• **Problem to solve**: Where the word "radius" occurs in a line of the listing, please copy the line.

• **Given records**:
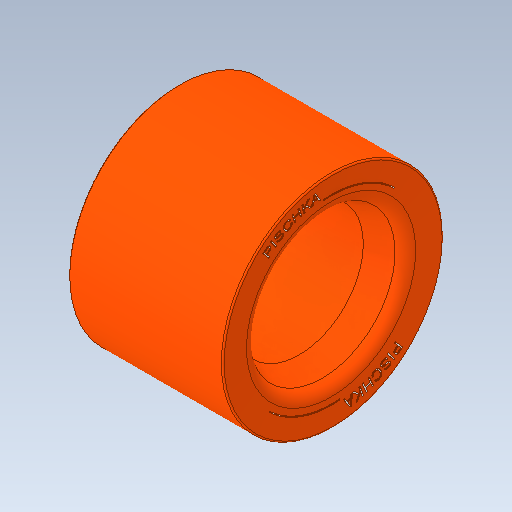
# Autodesk Inventor part: Kegel_urethane
Saved by Autodesk Inventor 2020.1 (Build 241239000, 239)
## iProperties
Created: 2018-01-15
Part Number: Kegel_urethane
Material: Rubber, Silicone
Document SubType Name: Modeling
Designer: Tobias
Density: 1.25 g/cm^3
Appearance: Rubber - Orangatang
Mass: 215.394 g
Surface Area: 276.313 cm^2
Volume: 172.315 cm^3
Author: Tobias
Autodesk Inventor part; units mm, degrees
ref_plane "YZ Plane" through (0, 0, 0) normal (1, 0, 0) x (0, 1, 0)
ref_plane "XZ Plane" through (0, 0, 0) normal (0, 1, 0) x (-1, 0, 0)
sketch "Sketch1" plane through (0, 0, 0) normal (0, 0, 1) x (1, 0, 0)
  line L0 (-35.8, 0) -> (42.6, 0) projected
  line L1 (30.3064, 27.5) -> (19, 23.25)
  line L2 (19, 23.25) -> (-19, 23.25)
  line L3 (-24.1407, 34.75) -> (-23.2, 34.75)
  line L4 (-23.2, 34.75) -> (-23.2, 31.5)
  line L5 (-23.2, 31.5) -> (-19, 31.5)
  line L6 (-19, 31.5) -> (-19, 23.25)
  line L7 (31.4, 40) -> (30.3064, 27.5)
  line L8 (-24.6, 40) -> (-24.1407, 34.75)
  line L9 (-24.6, 40) -> (31.4, 40)
  line L10 (0, 48) -> (0, -8) projected
  point P0 (0, 0)
  dimension "d27" = 46.5
  dimension "d29" = 69.5
  dimension "d31" = 63
  dimension "d35" = 55
  dimension "d39" = 80
  dimension "d40" = 1.4
  dimension "d42" = 5.6
  dimension "d44" = 19
  dimension "d45" = 19
  dimension "d46" = 56
  dimension "d47" = 5
  dimension "d48" = 5
  dimension "d49" = 12.5
  constraints: 18 end point, 3 perpendicular, 2 horizontal
  measures "d27" diameter of L2 L0
  measures "d29" diameter of L3 L0
  measures "d31" diameter of L5 L0
  measures "d35" diameter of L1.start L0
  measures "d39" diameter of L9 L0
  measures "d40" distance from line of L8.start L4
  measures "d42" distance from line of L6 L8.start
  measures "d44" distance between parallel lines of L10 L6
  measures "d45" distance from line of L10 L1.end
  measures "d46" distance of L8.start L7.start
  measures "d47" angle of L10 L8
  measures "d48" angle of L10 L7
  measures "d49" distance from line of L1.start L9
revolve "Revolution1" add sketch "Sketch1" angle 360 about axis through (0, 0, 0) along (1, 0, 0)
fillet "Fillet8" radius 7 1 edges at (-19, -31.5, 0)
fillet "Fillet9" radius 7 1 edges at (-23.2, -31.5, 0)
fillet "Fillet10" radius 6 1 edges at (-23.2, -34.75, 0)
fillet "Fillet11" radius 5 1 edges at (30.3064, -27.5, 0)
fillet "Fillet12" radius 0.5 2 edges at (31.4, -40, 0) (-24.6, -40, 0)
ref_plane "Work Plane2" through (31.4, 40, 0) normal (1, 0, 0) x (0, 1, 0)
sketch "Sketch4" plane through (31.4, 40, 0) normal (1, 0, 0) x (0, 1, 0)
  circle A0 centre (-40, 0) radius 30.6366 construction
  line L0 (-64.5965, -22.9785) -> (-67.2414, -25.2708)
  line L1 (-67.2414, -25.2708) -> (-68.1062, -24.2729)
  spline S0 degree 2 poles (-68.1062, -24.2729) (-68.3351, -24.0088) (-68.4295, -23.847) knots 0 0 0 1 1 1
  spline S1 degree 2 poles (-68.4295, -23.847) (-68.5667, -23.6235) (-68.6124, -23.2042) (-68.4236, -22.7581) (-68.226, -22.5869) knots 0 0 0 1 2 3 3 3
  spline S2 degree 2 poles (-68.226, -22.5869) (-67.8893, -22.2951) (-67.0495, -22.3192) (-66.5638, -22.8796) knots 0 0 0 1 2 2 2
  line L2 (-66.5638, -22.8796) -> (-65.975, -23.559)
  line L3 (-65.975, -23.559) -> (-64.9005, -22.6277)
  line L4 (-64.9005, -22.6277) -> (-64.5965, -22.9785)
  line L5 (-66.2875, -23.8298) -> (-66.8798, -23.1464)
  spline S3 degree 2 poles (-66.8798, -23.1464) (-67.175, -22.8057) (-67.6734, -22.7398) (-67.9032, -22.939) knots 0 0 0 1 2 2 2
  spline S4 degree 2 poles (-67.9032, -22.939) (-68.0685, -23.0823) (-68.1613, -23.4558) (-68.0788, -23.6243) knots 0 0 0 1 2 2 2
  spline S5 degree 2 poles (-68.0788, -23.6243) (-68.0261, -23.734) (-67.82, -23.9718) knots 0 0 0 1 1 1
  line L6 (-67.82, -23.9718) -> (-67.2329, -24.6492)
  line L7 (-67.2329, -24.6492) -> (-66.2875, -23.8298)
  line L8 (-66.7357, -20.4127) -> (-69.5315, -22.5182)
  line L9 (-69.5315, -22.5182) -> (-69.8108, -22.1474)
  line L10 (-69.8108, -22.1474) -> (-67.0149, -20.0419)
  line L11 (-67.0149, -20.0419) -> (-66.7357, -20.4127)
  line L12 (-68.3675, -20.1421) -> (-68.6374, -19.7958)
  spline S6 degree 2 poles (-68.6374, -19.7958) (-68.4335, -19.6249) (-68.2754, -19.2515) (-68.3614, -18.7378) (-68.5244, -18.4874) knots 0 0 0 1 2 3 3 3
  spline S7 degree 2 poles (-68.5244, -18.4874) (-68.6684, -18.266) (-69.0229, -18.0097) (-69.3609, -17.9941) (-69.4973, -18.0828) knots 0 0 0 1 2 3 3 3
  spline S8 degree 2 poles (-69.4973, -18.0828) (-69.6359, -18.173) (-69.7383, -18.4656) (-69.6869, -18.6963) knots 0 0 0 1 2 2 2
  spline S9 degree 2 poles (-69.6869, -18.6963) (-69.6567, -18.8454) (-69.3232, -19.7837) (-69.3042, -20.0036) knots 0 0 0 1 2 2 2
  spline S10 degree 2 poles (-69.3042, -20.0036) (-69.277, -20.2851) (-69.4696, -20.7032) (-69.6708, -20.8342) knots 0 0 0 1 2 2 2
  spline S11 degree 2 poles (-69.6708, -20.8342) (-69.8944, -20.9797) (-70.4434, -20.9772) (-70.9604, -20.6229) (-71.1539, -20.3255) knots 0 0 0 1 2 3 3 3
  spline S12 degree 2 poles (-71.1539, -20.3255) (-71.3663, -19.9991) (-71.4805, -19.3637) (-71.2474, -18.8269) (-70.9961, -18.6506) knots 0 0 0 1 2 3 3 3
  line L13 (-70.9961, -18.6506) -> (-70.7255, -19.0029)
  spline S13 degree 2 poles (-70.7255, -19.0029) (-70.9861, -19.2138) (-71.0431, -19.7474) (-70.822, -20.0873) knots 0 0 0 1 2 2 2
  spline S14 degree 2 poles (-70.822, -20.0873) (-70.5921, -20.4406) (-70.1218, -20.5961) (-69.9406, -20.4782) knots 0 0 0 1 2 2 2
  spline S15 degree 2 poles (-69.9406, -20.4782) (-69.7819, -20.3749) (-69.7532, -20.194) knots 0 0 0 1 1 1
  spline S16 degree 2 poles (-69.7532, -20.194) (-69.7268, -20.0144) (-70.1304, -18.9245) (-70.1649, -18.6954) knots 0 0 0 1 2 2 2
  spline S17 degree 2 poles (-70.1649, -18.6954) (-70.2122, -18.3634) (-70.0086, -17.884) (-69.7738, -17.7312) knots 0 0 0 1 2 2 2
  spline S18 degree 2 poles (-69.7738, -17.7312) (-69.539, -17.5785) (-68.9507, -17.5777) (-68.3931, -17.9309) (-68.1894, -18.244) knots 0 0 0 1 2 3 3 3
  spline S19 degree 2 poles (-68.1894, -18.244) (-67.929, -18.6442) (-67.8124, -19.3322) (-68.0781, -19.9411) (-68.3675, -20.1421) knots 0 0 0 1 2 3 3 3
  line L14 (-71.4992, -14.9899) -> (-71.6075, -14.5235)
  spline S20 degree 2 poles (-71.6075, -14.5235) (-71.0328, -14.3924) (-70.1534, -14.7884) (-69.9029, -15.2745) knots 0 0 0 1 2 2 2
  spline S21 degree 2 poles (-69.9029, -15.2745) (-69.6438, -15.7772) (-69.7289, -16.6194) (-70.3344, -17.3487) (-70.7802, -17.5785) knots 0 0 0 1 2 3 3 3
  spline S22 degree 2 poles (-70.7802, -17.5785) (-71.2663, -17.829) (-72.1838, -17.8307) (-72.9117, -17.3385) (-73.1243, -16.9259) knots 0 0 0 1 2 3 3 3
  spline S23 degree 2 poles (-73.1243, -16.9259) (-73.3651, -16.4588) (-73.216, -15.5776) (-72.8516, -15.2307) knots 0 0 0 1 2 2 2
  line L15 (-72.8516, -15.2307) -> (-72.5454, -15.5861)
  spline S24 degree 2 poles (-72.5454, -15.5861) (-72.8282, -15.87) (-72.9274, -16.4403) (-72.7661, -16.7533) knots 0 0 0 1 2 2 2
  spline S25 degree 2 poles (-72.7661, -16.7533) (-72.5816, -17.1114) (-71.9884, -17.4179) (-71.3096, -17.3141) (-71.0013, -17.1552) knots 0 0 0 1 2 3 3 3
  spline S26 degree 2 poles (-71.0013, -17.1552) (-70.6053, -16.9511) (-70.1323, -16.4132) (-70.0912, -15.7768) (-70.2379, -15.4922) knots 0 0 0 1 2 3 3 3
  spline S27 degree 2 poles (-70.2379, -15.4922) (-70.4163, -15.146) (-71.0615, -14.8723) (-71.4992, -14.9899) knots 0 0 0 1 2 2 2
  line L16 (-70.8511, -13.4728) -> (-74.1129, -14.7417)
  line L17 (-74.1129, -14.7417) -> (-74.2812, -14.3091)
  line L18 (-74.2812, -14.3091) -> (-72.9412, -13.7878)
  line L19 (-72.9412, -13.7878) -> (-73.5988, -12.0972)
  line L20 (-73.5988, -12.0972) -> (-74.9389, -12.6185)
  line L21 (-74.9389, -12.6185) -> (-75.1072, -12.1859)
  line L22 (-75.1072, -12.1859) -> (-71.8453, -10.917)
  line L23 (-71.8453, -10.917) -> (-71.677, -11.3496)
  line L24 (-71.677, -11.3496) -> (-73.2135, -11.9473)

• **Response to the exercise**:
fillet "Fillet8" radius 7 1 edges at (-19, -31.5, 0)
fillet "Fillet9" radius 7 1 edges at (-23.2, -31.5, 0)
fillet "Fillet10" radius 6 1 edges at (-23.2, -34.75, 0)
fillet "Fillet11" radius 5 1 edges at (30.3064, -27.5, 0)
fillet "Fillet12" radius 0.5 2 edges at (31.4, -40, 0) (-24.6, -40, 0)
  circle A0 centre (-40, 0) radius 30.6366 construction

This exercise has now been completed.